For many years now getting things done online has been part of everyday life, whether that is booking train tickets, doing your Christmas shopping, booking a hairdresser appointment, or paying bills. Why should interacting with your doctor be any different? Well in many ways it isn’t, with services like booking appointments, ordering repeat prescriptions, and accessing medical records having been available at most general practices in one form or another for some time. With the pandemic came the need to use these online services more, as well as the wide-scale adoption of electronic consultations, use of text messages and to a lesser extent video consultations. However, online services may not be easy for all patients to use, and it has been suggested that those that need health care most may be least likely to engage with them leading to a possible digital inverse care law. For this reason, we undertook the Di-Facto project, funded by NIHR, to look at the role of Digital Facilitation in primary care. Digital facilitation is a term we coined for the study and we have defined it as “that range of processes, procedures, and personnel which seeks to support NHS patients in their uptake and use of online services”, or in other words the stuff that general practices put in place, or do, to help patients to use things like online consultations and appointment booking.

The Di-Facto project comprised of four complementary work packages, most of which took place over the pandemic when online services were becoming increasingly important. The first thing we did was to review the literature to see what people had already done. Secondly, we conducted a survey of practice staff, a survey of patients, and performed a secondary analysis of the national GP Patient Survey data. Thirdly we undertook some ethnographic case-studies with researchers embedded in 8 general practices for up to 6 weeks at a time, and interviewed a number of key stakeholders. Finally, we brought the findings of all of the work packages together in a synthesis and outlined the key aspects required in any future evaluation of digital facilitation. The results of these studies will be coming out in a series of papers over the next year, but some of the key findings of the synthesis are given below.

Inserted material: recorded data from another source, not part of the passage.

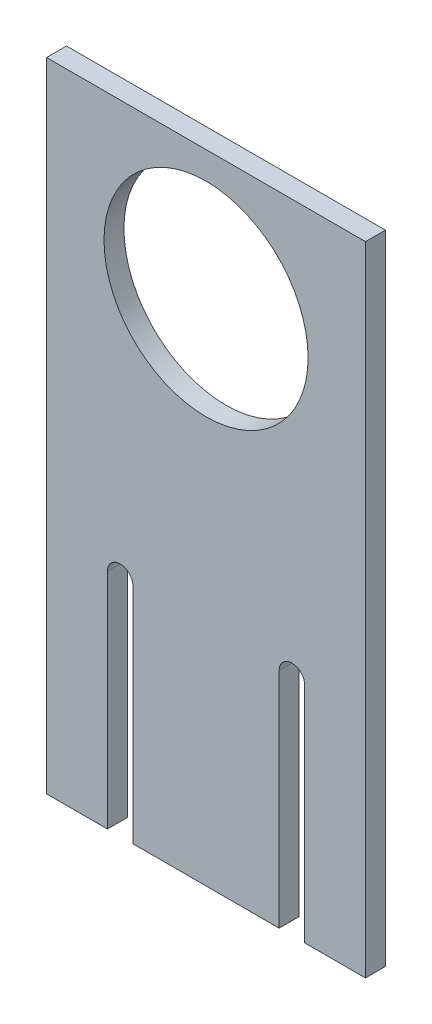
ISO-10303-21;
HEADER;
FILE_DESCRIPTION(('STEP AP214'),'2;1');
FILE_NAME('part.step','',(''),(''),'','','');
FILE_SCHEMA(('AUTOMOTIVE_DESIGN { 1 0 10303 214 1 1 1 1 }'));
ENDSEC;
DATA;
#1=APPLICATION_CONTEXT('core data for automotive mechanical design processes');
#2=APPLICATION_PROTOCOL_DEFINITION('international standard','automotive_design',2000,#1);
#3=PRODUCT_CONTEXT('',#1,'mechanical');
#4=PRODUCT('Part','Part','',(#3));
#5=PRODUCT_RELATED_PRODUCT_CATEGORY('part','',(#4));
#6=PRODUCT_DEFINITION_FORMATION('','',#4);
#7=PRODUCT_DEFINITION_CONTEXT('part definition',#1,'design');
#8=PRODUCT_DEFINITION('design','',#6,#7);
#9=PRODUCT_DEFINITION_SHAPE('','',#8);
#10=(LENGTH_UNIT() NAMED_UNIT(*) SI_UNIT(.MILLI.,.METRE.));
#11=(NAMED_UNIT(*) PLANE_ANGLE_UNIT() SI_UNIT($,.RADIAN.));
#12=(NAMED_UNIT(*) SI_UNIT($,.STERADIAN.) SOLID_ANGLE_UNIT());
#13=UNCERTAINTY_MEASURE_WITH_UNIT(LENGTH_MEASURE(1.E-05),#10,'distance_accuracy_value','');
#14=(GEOMETRIC_REPRESENTATION_CONTEXT(3) GLOBAL_UNCERTAINTY_ASSIGNED_CONTEXT((#13)) GLOBAL_UNIT_ASSIGNED_CONTEXT((#10,
#11,#12)) REPRESENTATION_CONTEXT('',''));
#15=CARTESIAN_POINT('',(0.,0.,0.));
#16=DIRECTION('',(0.,0.,1.));
#17=DIRECTION('',(1.,0.,0.));
#18=AXIS2_PLACEMENT_3D('',#15,#16,#17);
#19=CARTESIAN_POINT('',(0.,0.,3.125));
#20=DIRECTION('',(0.,1.,0.));
#21=DIRECTION('',(-1.,0.,0.));
#22=AXIS2_PLACEMENT_3D('',#19,#20,#21);
#23=PLANE('',#22);
#24=DIRECTION('',(1.,0.,0.));
#25=VECTOR('',#24,1.);
#26=CARTESIAN_POINT('',(0.,0.,3.125));
#27=LINE('',#26,#25);
#28=CARTESIAN_POINT('',(-9.53527390277907,0.,3.125));
#29=VERTEX_POINT('',#28);
#30=CARTESIAN_POINT('',(0.,0.,3.125));
#31=VERTEX_POINT('',#30);
#32=EDGE_CURVE('E194',#29,#31,#27,.T.);
#33=ORIENTED_EDGE('',*,*,#32,.F.);
#34=DIRECTION('',(0.,0.,1.));
#35=VECTOR('',#34,1.);
#36=CARTESIAN_POINT('',(-9.53527390277907,0.,0.));
#37=LINE('',#36,#35);
#38=CARTESIAN_POINT('',(-9.53527390277907,0.,0.));
#39=VERTEX_POINT('',#38);
#40=EDGE_CURVE('E154',#39,#29,#37,.T.);
#41=ORIENTED_EDGE('',*,*,#40,.F.);
#42=DIRECTION('',(1.,0.,0.));
#43=VECTOR('',#42,1.);
#44=CARTESIAN_POINT('',(0.,0.,0.));
#45=LINE('',#44,#43);
#46=CARTESIAN_POINT('',(0.,0.,0.));
#47=VERTEX_POINT('',#46);
#48=EDGE_CURVE('E206',#39,#47,#45,.T.);
#49=ORIENTED_EDGE('',*,*,#48,.T.);
#50=DIRECTION('',(0.,0.,-1.));
#51=VECTOR('',#50,1.);
#52=CARTESIAN_POINT('',(0.,0.,3.125));
#53=LINE('',#52,#51);
#54=EDGE_CURVE('E198',#31,#47,#53,.T.);
#55=ORIENTED_EDGE('',*,*,#54,.F.);
#56=EDGE_LOOP('',(#33,#41,#49,#55));
#57=FACE_BOUND('',#56,.T.);
#58=ADVANCED_FACE('F33',(#57),#23,.F.);
#59=CARTESIAN_POINT('',(-36.4647260972209,0.,0.));
#60=VERTEX_POINT('',#59);
#61=CARTESIAN_POINT('',(-13.5352739027791,0.,0.));
#62=VERTEX_POINT('',#61);
#63=EDGE_CURVE('E209',#60,#62,#45,.T.);
#64=ORIENTED_EDGE('',*,*,#63,.T.);
#65=DIRECTION('',(0.,0.,1.));
#66=VECTOR('',#65,1.);
#67=CARTESIAN_POINT('',(-13.5352739027791,0.,0.));
#68=LINE('',#67,#66);
#69=CARTESIAN_POINT('',(-13.5352739027791,0.,3.125));
#70=VERTEX_POINT('',#69);
#71=EDGE_CURVE('E48',#62,#70,#68,.T.);
#72=ORIENTED_EDGE('',*,*,#71,.T.);
#73=CARTESIAN_POINT('',(-36.4647260972209,0.,3.125));
#74=VERTEX_POINT('',#73);
#75=EDGE_CURVE('E199',#74,#70,#27,.T.);
#76=ORIENTED_EDGE('',*,*,#75,.F.);
#77=DIRECTION('',(0.,0.,1.));
#78=VECTOR('',#77,1.);
#79=CARTESIAN_POINT('',(-36.4647260972209,0.,0.));
#80=LINE('',#79,#78);
#81=EDGE_CURVE('E176',#60,#74,#80,.T.);
#82=ORIENTED_EDGE('',*,*,#81,.F.);
#83=EDGE_LOOP('',(#64,#72,#76,#82));
#84=FACE_BOUND('',#83,.T.);
#85=ADVANCED_FACE('F242',(#84),#23,.F.);
#86=CARTESIAN_POINT('',(0.,0.,3.125));
#87=DIRECTION('',(-1.,0.,0.));
#88=DIRECTION('',(0.,0.,1.));
#89=AXIS2_PLACEMENT_3D('',#86,#87,#88);
#90=PLANE('',#89);
#91=DIRECTION('',(0.,1.,0.));
#92=VECTOR('',#91,1.);
#93=CARTESIAN_POINT('',(0.,0.,0.));
#94=LINE('',#93,#92);
#95=CARTESIAN_POINT('',(0.,100.,0.));
#96=VERTEX_POINT('',#95);
#97=EDGE_CURVE('E183',#47,#96,#94,.T.);
#98=ORIENTED_EDGE('',*,*,#97,.T.);
#99=DIRECTION('',(0.,0.,-1.));
#100=VECTOR('',#99,1.);
#101=CARTESIAN_POINT('',(0.,100.,3.125));
#102=LINE('',#101,#100);
#103=CARTESIAN_POINT('',(0.,100.,3.125));
#104=VERTEX_POINT('',#103);
#105=EDGE_CURVE('E11',#104,#96,#102,.T.);
#106=ORIENTED_EDGE('',*,*,#105,.F.);
#107=DIRECTION('',(0.,1.,0.));
#108=VECTOR('',#107,1.);
#109=CARTESIAN_POINT('',(0.,0.,3.125));
#110=LINE('',#109,#108);
#111=EDGE_CURVE('E186',#31,#104,#110,.T.);
#112=ORIENTED_EDGE('',*,*,#111,.F.);
#113=ORIENTED_EDGE('',*,*,#54,.T.);
#114=EDGE_LOOP('',(#98,#106,#112,#113));
#115=FACE_BOUND('',#114,.T.);
#116=ADVANCED_FACE('F35',(#115),#90,.F.);
#117=CARTESIAN_POINT('',(0.,100.,3.125));
#118=DIRECTION('',(0.,-1.,0.));
#119=DIRECTION('',(1.,0.,0.));
#120=AXIS2_PLACEMENT_3D('',#117,#118,#119);
#121=PLANE('',#120);
#122=DIRECTION('',(-1.,0.,0.));
#123=VECTOR('',#122,1.);
#124=CARTESIAN_POINT('',(0.,100.,0.));
#125=LINE('',#124,#123);
#126=CARTESIAN_POINT('',(-50.,100.,0.));
#127=VERTEX_POINT('',#126);
#128=EDGE_CURVE('E202',#96,#127,#125,.T.);
#129=ORIENTED_EDGE('',*,*,#128,.T.);
#130=DIRECTION('',(0.,0.,-1.));
#131=VECTOR('',#130,1.);
#132=CARTESIAN_POINT('',(-50.,100.,3.125));
#133=LINE('',#132,#131);
#134=CARTESIAN_POINT('',(-50.,100.,3.125));
#135=VERTEX_POINT('',#134);
#136=EDGE_CURVE('E41',#135,#127,#133,.T.);
#137=ORIENTED_EDGE('',*,*,#136,.F.);
#138=DIRECTION('',(-1.,0.,0.));
#139=VECTOR('',#138,1.);
#140=CARTESIAN_POINT('',(0.,100.,3.125));
#141=LINE('',#140,#139);
#142=EDGE_CURVE('E189',#104,#135,#141,.T.);
#143=ORIENTED_EDGE('',*,*,#142,.F.);
#144=ORIENTED_EDGE('',*,*,#105,.T.);
#145=EDGE_LOOP('',(#129,#137,#143,#144));
#146=FACE_BOUND('',#145,.T.);
#147=ADVANCED_FACE('F235',(#146),#121,.F.);
#148=CARTESIAN_POINT('',(-50.,0.,3.125));
#149=DIRECTION('',(1.,0.,0.));
#150=DIRECTION('',(0.,0.,-1.));
#151=AXIS2_PLACEMENT_3D('',#148,#149,#150);
#152=PLANE('',#151);
#153=DIRECTION('',(0.,-1.,0.));
#154=VECTOR('',#153,1.);
#155=CARTESIAN_POINT('',(-50.,0.,0.));
#156=LINE('',#155,#154);
#157=CARTESIAN_POINT('',(-50.,0.,0.));
#158=VERTEX_POINT('',#157);
#159=EDGE_CURVE('E204',#127,#158,#156,.T.);
#160=ORIENTED_EDGE('',*,*,#159,.T.);
#161=DIRECTION('',(0.,0.,-1.));
#162=VECTOR('',#161,1.);
#163=CARTESIAN_POINT('',(-50.,0.,3.125));
#164=LINE('',#163,#162);
#165=CARTESIAN_POINT('',(-50.,0.,3.125));
#166=VERTEX_POINT('',#165);
#167=EDGE_CURVE('E212',#166,#158,#164,.T.);
#168=ORIENTED_EDGE('',*,*,#167,.F.);
#169=DIRECTION('',(0.,-1.,0.));
#170=VECTOR('',#169,1.);
#171=CARTESIAN_POINT('',(-50.,0.,3.125));
#172=LINE('',#171,#170);
#173=EDGE_CURVE('E192',#135,#166,#172,.T.);
#174=ORIENTED_EDGE('',*,*,#173,.F.);
#175=ORIENTED_EDGE('',*,*,#136,.T.);
#176=EDGE_LOOP('',(#160,#168,#174,#175));
#177=FACE_BOUND('',#176,.T.);
#178=ADVANCED_FACE('F219',(#177),#152,.F.);
#179=CARTESIAN_POINT('',(-40.4647260972209,0.,0.));
#180=VERTEX_POINT('',#179);
#181=EDGE_CURVE('E190',#158,#180,#45,.T.);
#182=ORIENTED_EDGE('',*,*,#181,.T.);
#183=DIRECTION('',(0.,0.,1.));
#184=VECTOR('',#183,1.);
#185=CARTESIAN_POINT('',(-40.4647260972209,0.,0.));
#186=LINE('',#185,#184);
#187=CARTESIAN_POINT('',(-40.4647260972209,0.,3.125));
#188=VERTEX_POINT('',#187);
#189=EDGE_CURVE('E56',#180,#188,#186,.T.);
#190=ORIENTED_EDGE('',*,*,#189,.T.);
#191=EDGE_CURVE('E195',#166,#188,#27,.T.);
#192=ORIENTED_EDGE('',*,*,#191,.F.);
#193=ORIENTED_EDGE('',*,*,#167,.T.);
#194=EDGE_LOOP('',(#182,#190,#192,#193));
#195=FACE_BOUND('',#194,.T.);
#196=ADVANCED_FACE('F225',(#195),#23,.F.);
#197=CARTESIAN_POINT('',(0.,0.,3.125));
#198=DIRECTION('',(0.,0.,1.));
#199=DIRECTION('',(1.,0.,0.));
#200=AXIS2_PLACEMENT_3D('',#197,#198,#199);
#201=PLANE('',#200);
#202=DIRECTION('',(0.,1.,0.));
#203=VECTOR('',#202,1.);
#204=CARTESIAN_POINT('',(-9.53527390277907,0.,3.125));
#205=LINE('',#204,#203);
#206=CARTESIAN_POINT('',(-9.53527390277907,35.,3.125));
#207=VERTEX_POINT('',#206);
#208=EDGE_CURVE('E142',#29,#207,#205,.T.);
#209=ORIENTED_EDGE('',*,*,#208,.F.);
#210=ORIENTED_EDGE('',*,*,#32,.T.);
#211=ORIENTED_EDGE('',*,*,#111,.T.);
#212=ORIENTED_EDGE('',*,*,#142,.T.);
#213=ORIENTED_EDGE('',*,*,#173,.T.);
#214=ORIENTED_EDGE('',*,*,#191,.T.);
#215=DIRECTION('',(0.,-1.,0.));
#216=VECTOR('',#215,1.);
#217=CARTESIAN_POINT('',(-40.4647260972209,0.,3.125));
#218=LINE('',#217,#216);
#219=CARTESIAN_POINT('',(-40.4647260972209,35.,3.125));
#220=VERTEX_POINT('',#219);
#221=EDGE_CURVE('E169',#220,#188,#218,.T.);
#222=ORIENTED_EDGE('',*,*,#221,.F.);
#223=CARTESIAN_POINT('',(-38.4647260972209,35.,3.125));
#224=DIRECTION('',(0.,0.,1.));
#225=DIRECTION('',(1.,0.,0.));
#226=AXIS2_PLACEMENT_3D('',#223,#224,#225);
#227=CIRCLE('',#226,2.);
#228=CARTESIAN_POINT('',(-36.4647260972209,35.,3.125));
#229=VERTEX_POINT('',#228);
#230=EDGE_CURVE('E153',#229,#220,#227,.T.);
#231=ORIENTED_EDGE('',*,*,#230,.F.);
#232=DIRECTION('',(0.,1.,0.));
#233=VECTOR('',#232,1.);
#234=CARTESIAN_POINT('',(-36.4647260972209,35.,3.125));
#235=LINE('',#234,#233);
#236=EDGE_CURVE('E161',#74,#229,#235,.T.);
#237=ORIENTED_EDGE('',*,*,#236,.F.);
#238=ORIENTED_EDGE('',*,*,#75,.T.);
#239=DIRECTION('',(0.,-1.,0.));
#240=VECTOR('',#239,1.);
#241=CARTESIAN_POINT('',(-13.5352739027791,35.,3.125));
#242=LINE('',#241,#240);
#243=CARTESIAN_POINT('',(-13.5352739027791,35.,3.125));
#244=VERTEX_POINT('',#243);
#245=EDGE_CURVE('E145',#244,#70,#242,.T.);
#246=ORIENTED_EDGE('',*,*,#245,.F.);
#247=CARTESIAN_POINT('',(-11.5352739027791,35.,3.125));
#248=DIRECTION('',(0.,0.,1.));
#249=DIRECTION('',(-1.,0.,0.));
#250=AXIS2_PLACEMENT_3D('',#247,#248,#249);
#251=CIRCLE('',#250,2.);
#252=EDGE_CURVE('E130',#207,#244,#251,.T.);
#253=ORIENTED_EDGE('',*,*,#252,.F.);
#254=EDGE_LOOP('',(#209,#210,#211,#212,#213,#214,#222,#231,#237,#238,#246,#253));
#255=FACE_BOUND('',#254,.T.);
#256=CARTESIAN_POINT('',(-25.,79.7127865126919,3.125));
#257=DIRECTION('',(0.,0.,1.));
#258=DIRECTION('',(1.,0.,0.));
#259=AXIS2_PLACEMENT_3D('',#256,#257,#258);
#260=CIRCLE('',#259,16.);
#261=CARTESIAN_POINT('',(-9.,79.7127865126919,3.125));
#262=VERTEX_POINT('',#261);
#263=EDGE_CURVE('E175',#262,#262,#260,.T.);
#264=ORIENTED_EDGE('',*,*,#263,.F.);
#265=EDGE_LOOP('',(#264));
#266=FACE_BOUND('',#265,.T.);
#267=ADVANCED_FACE('F230',(#255,#266),#201,.T.);
#268=CARTESIAN_POINT('',(0.,0.,0.));
#269=DIRECTION('',(0.,0.,1.));
#270=DIRECTION('',(1.,0.,0.));
#271=AXIS2_PLACEMENT_3D('',#268,#269,#270);
#272=PLANE('',#271);
#273=CARTESIAN_POINT('',(-25.,79.7127865126919,0.));
#274=DIRECTION('',(0.,0.,1.));
#275=DIRECTION('',(1.,0.,0.));
#276=AXIS2_PLACEMENT_3D('',#273,#274,#275);
#277=CIRCLE('',#276,16.);
#278=CARTESIAN_POINT('',(-9.,79.7127865126919,0.));
#279=VERTEX_POINT('',#278);
#280=EDGE_CURVE('E180',#279,#279,#277,.T.);
#281=ORIENTED_EDGE('',*,*,#280,.T.);
#282=EDGE_LOOP('',(#281));
#283=FACE_BOUND('',#282,.T.);
#284=ORIENTED_EDGE('',*,*,#48,.F.);
#285=DIRECTION('',(0.,1.,0.));
#286=VECTOR('',#285,1.);
#287=CARTESIAN_POINT('',(-9.53527390277907,0.,0.));
#288=LINE('',#287,#286);
#289=CARTESIAN_POINT('',(-9.53527390277907,35.,0.));
#290=VERTEX_POINT('',#289);
#291=EDGE_CURVE('E132',#39,#290,#288,.T.);
#292=ORIENTED_EDGE('',*,*,#291,.T.);
#293=CARTESIAN_POINT('',(-11.5352739027791,35.,0.));
#294=DIRECTION('',(0.,0.,1.));
#295=DIRECTION('',(-1.,0.,0.));
#296=AXIS2_PLACEMENT_3D('',#293,#294,#295);
#297=CIRCLE('',#296,2.);
#298=CARTESIAN_POINT('',(-13.5352739027791,35.,0.));
#299=VERTEX_POINT('',#298);
#300=EDGE_CURVE('E127',#290,#299,#297,.T.);
#301=ORIENTED_EDGE('',*,*,#300,.T.);
#302=DIRECTION('',(0.,-1.,0.));
#303=VECTOR('',#302,1.);
#304=CARTESIAN_POINT('',(-13.5352739027791,35.,0.));
#305=LINE('',#304,#303);
#306=EDGE_CURVE('E134',#299,#62,#305,.T.);
#307=ORIENTED_EDGE('',*,*,#306,.T.);
#308=ORIENTED_EDGE('',*,*,#63,.F.);
#309=DIRECTION('',(0.,1.,0.));
#310=VECTOR('',#309,1.);
#311=CARTESIAN_POINT('',(-36.4647260972209,35.,0.));
#312=LINE('',#311,#310);
#313=CARTESIAN_POINT('',(-36.4647260972209,35.,0.));
#314=VERTEX_POINT('',#313);
#315=EDGE_CURVE('E163',#60,#314,#312,.T.);
#316=ORIENTED_EDGE('',*,*,#315,.T.);
#317=CARTESIAN_POINT('',(-38.4647260972209,35.,0.));
#318=DIRECTION('',(0.,0.,1.));
#319=DIRECTION('',(1.,0.,0.));
#320=AXIS2_PLACEMENT_3D('',#317,#318,#319);
#321=CIRCLE('',#320,2.);
#322=CARTESIAN_POINT('',(-40.4647260972209,35.,0.));
#323=VERTEX_POINT('',#322);
#324=EDGE_CURVE('E157',#314,#323,#321,.T.);
#325=ORIENTED_EDGE('',*,*,#324,.T.);
#326=DIRECTION('',(0.,-1.,0.));
#327=VECTOR('',#326,1.);
#328=CARTESIAN_POINT('',(-40.4647260972209,0.,0.));
#329=LINE('',#328,#327);
#330=EDGE_CURVE('E160',#323,#180,#329,.T.);
#331=ORIENTED_EDGE('',*,*,#330,.T.);
#332=ORIENTED_EDGE('',*,*,#181,.F.);
#333=ORIENTED_EDGE('',*,*,#159,.F.);
#334=ORIENTED_EDGE('',*,*,#128,.F.);
#335=ORIENTED_EDGE('',*,*,#97,.F.);
#336=EDGE_LOOP('',(#284,#292,#301,#307,#308,#316,#325,#331,#332,#333,#334,#335));
#337=FACE_BOUND('',#336,.T.);
#338=ADVANCED_FACE('F141',(#283,#337),#272,.F.);
#339=CARTESIAN_POINT('',(-25.,79.7127865126919,0.));
#340=DIRECTION('',(0.,0.,1.));
#341=DIRECTION('',(1.,0.,0.));
#342=AXIS2_PLACEMENT_3D('',#339,#340,#341);
#343=CYLINDRICAL_SURFACE('',#342,16.);
#344=ORIENTED_EDGE('',*,*,#280,.F.);
#345=EDGE_LOOP('',(#344));
#346=FACE_BOUND('',#345,.T.);
#347=ORIENTED_EDGE('',*,*,#263,.T.);
#348=EDGE_LOOP('',(#347));
#349=FACE_BOUND('',#348,.T.);
#350=ADVANCED_FACE('F310',(#346,#349),#343,.F.);
#351=CARTESIAN_POINT('',(-38.4647260972209,35.,0.));
#352=DIRECTION('',(0.,0.,1.));
#353=DIRECTION('',(1.,0.,0.));
#354=AXIS2_PLACEMENT_3D('',#351,#352,#353);
#355=CYLINDRICAL_SURFACE('',#354,2.);
#356=ORIENTED_EDGE('',*,*,#230,.T.);
#357=DIRECTION('',(0.,0.,1.));
#358=VECTOR('',#357,1.);
#359=CARTESIAN_POINT('',(-40.4647260972209,35.,0.));
#360=LINE('',#359,#358);
#361=EDGE_CURVE('E166',#323,#220,#360,.T.);
#362=ORIENTED_EDGE('',*,*,#361,.F.);
#363=ORIENTED_EDGE('',*,*,#324,.F.);
#364=DIRECTION('',(0.,0.,1.));
#365=VECTOR('',#364,1.);
#366=CARTESIAN_POINT('',(-36.4647260972209,35.,0.));
#367=LINE('',#366,#365);
#368=EDGE_CURVE('E173',#314,#229,#367,.T.);
#369=ORIENTED_EDGE('',*,*,#368,.T.);
#370=EDGE_LOOP('',(#356,#362,#363,#369));
#371=FACE_BOUND('',#370,.T.);
#372=ADVANCED_FACE('F250',(#371),#355,.F.);
#373=CARTESIAN_POINT('',(-36.4647260972209,35.,0.));
#374=DIRECTION('',(1.,0.,0.));
#375=DIRECTION('',(0.,0.,-1.));
#376=AXIS2_PLACEMENT_3D('',#373,#374,#375);
#377=PLANE('',#376);
#378=ORIENTED_EDGE('',*,*,#236,.T.);
#379=ORIENTED_EDGE('',*,*,#368,.F.);
#380=ORIENTED_EDGE('',*,*,#315,.F.);
#381=ORIENTED_EDGE('',*,*,#81,.T.);
#382=EDGE_LOOP('',(#378,#379,#380,#381));
#383=FACE_BOUND('',#382,.T.);
#384=ADVANCED_FACE('F247',(#383),#377,.F.);
#385=CARTESIAN_POINT('',(-40.4647260972209,0.,0.));
#386=DIRECTION('',(-1.,0.,0.));
#387=DIRECTION('',(0.,0.,1.));
#388=AXIS2_PLACEMENT_3D('',#385,#386,#387);
#389=PLANE('',#388);
#390=ORIENTED_EDGE('',*,*,#221,.T.);
#391=ORIENTED_EDGE('',*,*,#189,.F.);
#392=ORIENTED_EDGE('',*,*,#330,.F.);
#393=ORIENTED_EDGE('',*,*,#361,.T.);
#394=EDGE_LOOP('',(#390,#391,#392,#393));
#395=FACE_BOUND('',#394,.T.);
#396=ADVANCED_FACE('F251',(#395),#389,.F.);
#397=CARTESIAN_POINT('',(-11.5352739027791,35.,0.));
#398=DIRECTION('',(0.,0.,1.));
#399=DIRECTION('',(1.,0.,0.));
#400=AXIS2_PLACEMENT_3D('',#397,#398,#399);
#401=CYLINDRICAL_SURFACE('',#400,2.);
#402=ORIENTED_EDGE('',*,*,#252,.T.);
#403=DIRECTION('',(0.,0.,1.));
#404=VECTOR('',#403,1.);
#405=CARTESIAN_POINT('',(-13.5352739027791,35.,0.));
#406=LINE('',#405,#404);
#407=EDGE_CURVE('E124',#299,#244,#406,.T.);
#408=ORIENTED_EDGE('',*,*,#407,.F.);
#409=ORIENTED_EDGE('',*,*,#300,.F.);
#410=DIRECTION('',(0.,0.,1.));
#411=VECTOR('',#410,1.);
#412=CARTESIAN_POINT('',(-9.53527390277907,35.,0.));
#413=LINE('',#412,#411);
#414=EDGE_CURVE('E151',#290,#207,#413,.T.);
#415=ORIENTED_EDGE('',*,*,#414,.T.);
#416=EDGE_LOOP('',(#402,#408,#409,#415));
#417=FACE_BOUND('',#416,.T.);
#418=ADVANCED_FACE('F125',(#417),#401,.F.);
#419=CARTESIAN_POINT('',(-9.53527390277907,0.,0.));
#420=DIRECTION('',(1.,0.,0.));
#421=DIRECTION('',(0.,0.,-1.));
#422=AXIS2_PLACEMENT_3D('',#419,#420,#421);
#423=PLANE('',#422);
#424=ORIENTED_EDGE('',*,*,#208,.T.);
#425=ORIENTED_EDGE('',*,*,#414,.F.);
#426=ORIENTED_EDGE('',*,*,#291,.F.);
#427=ORIENTED_EDGE('',*,*,#40,.T.);
#428=EDGE_LOOP('',(#424,#425,#426,#427));
#429=FACE_BOUND('',#428,.T.);
#430=ADVANCED_FACE('F258',(#429),#423,.F.);
#431=CARTESIAN_POINT('',(-13.5352739027791,35.,0.));
#432=DIRECTION('',(-1.,0.,0.));
#433=DIRECTION('',(0.,0.,1.));
#434=AXIS2_PLACEMENT_3D('',#431,#432,#433);
#435=PLANE('',#434);
#436=ORIENTED_EDGE('',*,*,#245,.T.);
#437=ORIENTED_EDGE('',*,*,#71,.F.);
#438=ORIENTED_EDGE('',*,*,#306,.F.);
#439=ORIENTED_EDGE('',*,*,#407,.T.);
#440=EDGE_LOOP('',(#436,#437,#438,#439));
#441=FACE_BOUND('',#440,.T.);
#442=ADVANCED_FACE('F135',(#441),#435,.F.);
#443=CLOSED_SHELL('',(#58,#85,#116,#147,#178,#196,#267,#338,#350,#372,#384,#396,#418,#430,#442));
#444=MANIFOLD_SOLID_BREP('B2',#443);
#445=ADVANCED_BREP_SHAPE_REPRESENTATION('',(#18,#444),#14);
#446=SHAPE_DEFINITION_REPRESENTATION(#9,#445);
ENDSEC;
END-ISO-10303-21;

  • Digital facilitation took many forms and could be both passive and active as well as proactive or reactive, with passive (such as the use of text messages or emails) and reactive (such as ad-hoc help and advice) forms being those that were most often used.
  • There was a continued focus on initial sign up rather than sustained use in both the existing literature and the facilitation efforts we observed, and while this may help initially, it may not lead to long term change.
  • There was often a lack of responsibility and accountability for digital facilitation, which although recognised as important, was often seen as somebody else’s job.
  • One of the key enablers of digital facilitation was a clear rationale for the digital services themselves. Practice staff were much more likely to engage with patients to help them use a service if they themselves could see clear benefit, with a similar effect on patients.
  • And finally, while there was a clear awareness that some patient groups were more in need of support than others, this didn’t always translate to those groups receiving that support and there was a lack of strategy for helping those in marginalised and vulnerable groups.

Online services are here to stay in the NHS and simply waiting for the population to catch up is unlikely to be the best way to maximise their benefit. Digital facilitation may provide one way to realise the promise of efficiency gains and better access that many people envisage when they think about the digital NHS.